The contractionary fiscal policy helps an economy to close an inflationary gap as the government decreases government expenditures and increases taxes so that AD decreases. The decrease in government expenditures (G) will directly decrease AD (or slow down its increase) while an increase in direct taxes will decrease disposable incomes, lowering consumption, and thus AD. AD shifts left to alleviat inflationary pressures (a decrease in the average price level), but also risking a contraction of the economy (lower level of output and a higher rate of unemployment). The risk of contraction depends on the shape of the AS curve.

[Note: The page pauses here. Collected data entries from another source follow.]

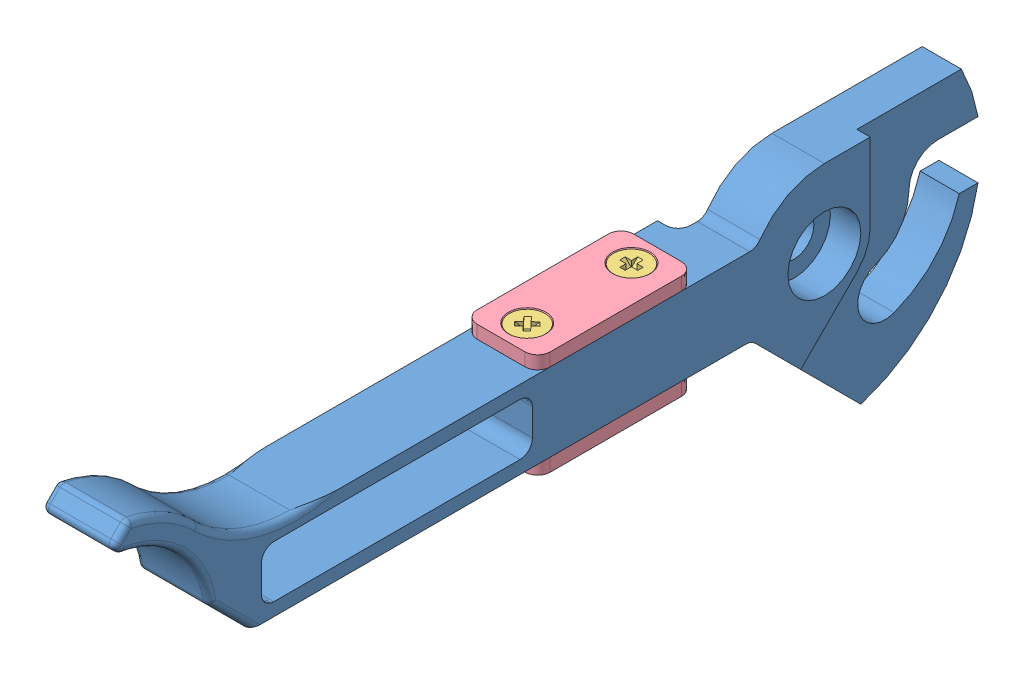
SolidWorks assembly Clevis arm assy.SLDASM, configuration Default (file format 10000). Lengths in mm.
Overall size (9.28 34.01 106.72).
12 component instances, 4 part files, 6 mates.
Components (placement in the parent):
- A9SP-1500-M561-3_ASM-1: A9SP-1500-M561-3_ASM.sldasm [Default] at (-67.2369 24.4733 -12.3202) size (9.28 34.01 106.72)
  - A9SP-1500-M561-31_AF0-1: A9SP-1500-M561-31_AF0.sldprt [Default] x (-1 0 0) z (0 0 1) size (9.28 34.01 106.72)
  - 93365A110_MMC_BRASS_INSERT-1: 93365A110_MMC_BRASS_INSERT.sldprt [Default] at (0 4.7625 31.75) x (-0.707107 0 -0.707107) z (0.707107 0 -0.707107) size (3.58 2.96 3.58)
  - 93365A110_MMC_BRASS_INSERT-2: 93365A110_MMC_BRASS_INSERT.sldprt [Default] at (0 4.7625 19.05) x (-0.707107 0 -0.707107) z (0.707107 0 -0.707107) size (3.58 2.96 3.58)
  - 93365A110_MMC_BRASS_INSERT-3: 93365A110_MMC_BRASS_INSERT.sldprt [Default] at (0 -4.7625 31.75) x (0.707107 0 0.707107) z (0.707107 0 -0.707107) size (3.58 2.96 3.58)
  - 93365A110_MMC_BRASS_INSERT-4: 93365A110_MMC_BRASS_INSERT.sldprt [Default] at (0 -4.7625 19.05) x (0.707107 0 0.707107) z (0.707107 0 -0.707107) size (3.58 2.96 3.58)
- MMC_93085A015-1: MMC_93085A015.sldprt [Default] at (-67.2369 30.738 19.4298) x (0.730342 0 -0.683081) z (0 1 0) size (4.37 4.37 4.75)
- MMC_93085A015-2: MMC_93085A015.sldprt [Default] at (-67.2369 30.738 6.7298) x (1 0 0) z (0 1 0) size (4.37 4.37 4.75)
- A9SP-1500-M561-5-1: A9SP-1500-M561-5.sldprt [Default] at (-67.2369 29.2358 13.0798) x (0 1 0) z (1 0 0) size (1.59 19.05 8.89)
- A9SP-1500-M561-5-2: A9SP-1500-M561-5.sldprt [Default] at (-67.2369 19.7108 13.0798) x (0 -1 0) z (-1 0 0) size (1.59 19.05 8.89)
- MMC_93085A015-3: MMC_93085A015.sldprt [Default] at (-67.2369 18.2085 6.7298) x (-1 0 0) z (0 -1 0) size (4.37 4.37 4.75)
- MMC_93085A015-4: MMC_93085A015.sldprt [Default] at (-67.2369 18.2085 19.4298) x (-0.730342 0 0.683081) z (0 -1 0) size (4.37 4.37 4.75)
Mates (geometry in assembly coordinates):
- Coincident1: coincident aligned: axis of A9SP-1500-M561-3_ASM-1/A9SP-1500-M561-31_AF0-1 through (-67.2369 29.2358 19.4298) axis (0 -1 0); axis of A9SP-1500-M561-5-1 through (-67.2369 30.8233 19.4298) axis (0 -1 0)
- Coincident2: coincident aligned: axis of A9SP-1500-M561-3_ASM-1/A9SP-1500-M561-31_AF0-1 through (-67.2369 29.2358 6.7298) axis (0 -1 0); axis of A9SP-1500-M561-5-1 through (-67.2369 30.8233 6.7298) axis (0 -1 0)
- Coincident3: coincident anti-aligned: plane of A9SP-1500-M561-3_ASM-1/A9SP-1500-M561-31_AF0-1 through (-55.3446 29.2358 -4.0713) normal (0 1 0); plane of A9SP-1500-M561-5-1 through (-67.2369 29.2358 13.0798) normal (0 -1 0)
- Coincident4: coincident aligned: axis of A9SP-1500-M561-3_ASM-1/A9SP-1500-M561-31_AF0-1 through (-67.2369 29.2358 19.4298) axis (0 -1 0); axis of MMC_93085A015-1 through (-67.2369 29.8215 19.4298) axis (0 -1 0)
- Coincident5: coincident aligned: cone of MMC_93085A015-1 through (-67.2369 30.738 19.4298) axis (0 -1 0); cone of A9SP-1500-M561-5-1 through (-67.2369 30.8233 19.4298) axis (0 -1 0)
- Coincident6: coincident aligned: cone of MMC_93085A015-2 through (-67.2369 30.738 6.7298) axis (0 -1 0); cone of A9SP-1500-M561-5-1 through (-67.2369 30.8233 6.7298) axis (0 -1 0)

Explain how factors including the progressive tax system and unemployment benefits, which are influenced by the level of economic activity and national income, automatically help stabilize short-term fluctuations

The event of an external shock which causes short-term fluctuations in output can be self stabilized by automatic stabilizers. These refer to economic policies and programs designed to offset fluctuations in a nation's economic activity without intervention by the government or policymakers. They influence the rate of GDP and counter swings in teh business cycle. During phases of high economic growth automatic stabilizers will help to reduce the growth rate and avoid the risks of an unsustainable boom and accelerating inflation - (With higher growth, the government will receive more tax revenues, since people earn more and so pay extra income tax. With higher growth, there will also be a fall in unemployment so the government will spend less on unemployment and other welfare benefits). Progressive tax system: a system of taxation in which persons or corporations are assessed at a greater percentage of their income according to the theoretical ability to pay. Taxpayers pay more in taxes if they earn more in income. Thus, as people's incomes rise, they will fall into higher tax brackets and wil pay higher rate of tax. In a recession, economic growth becomes negative but automatic stabilizers will help to limit the fall in growth. With lower incomes people pay less tax, and government spending on unemployment benefits will increase. The result is an automatic increase in government borrowing with the state sector injecting extra demand into the circular flow of income. THUS: automatic stabilizers help to provide a cushion of demand in an economy and support output during a recession.

Explain the relationship between budget deficits/surpluses and the public (government) debt

The national debt is an accumulation of previous budget deficits - money has been borrowed to finance the deficits. National debt is all government debt outstanding. Budget deficits add to the national debt. Budget surpluses can be used to pay off part of the national debt, and if this is done, the national debt is reduced.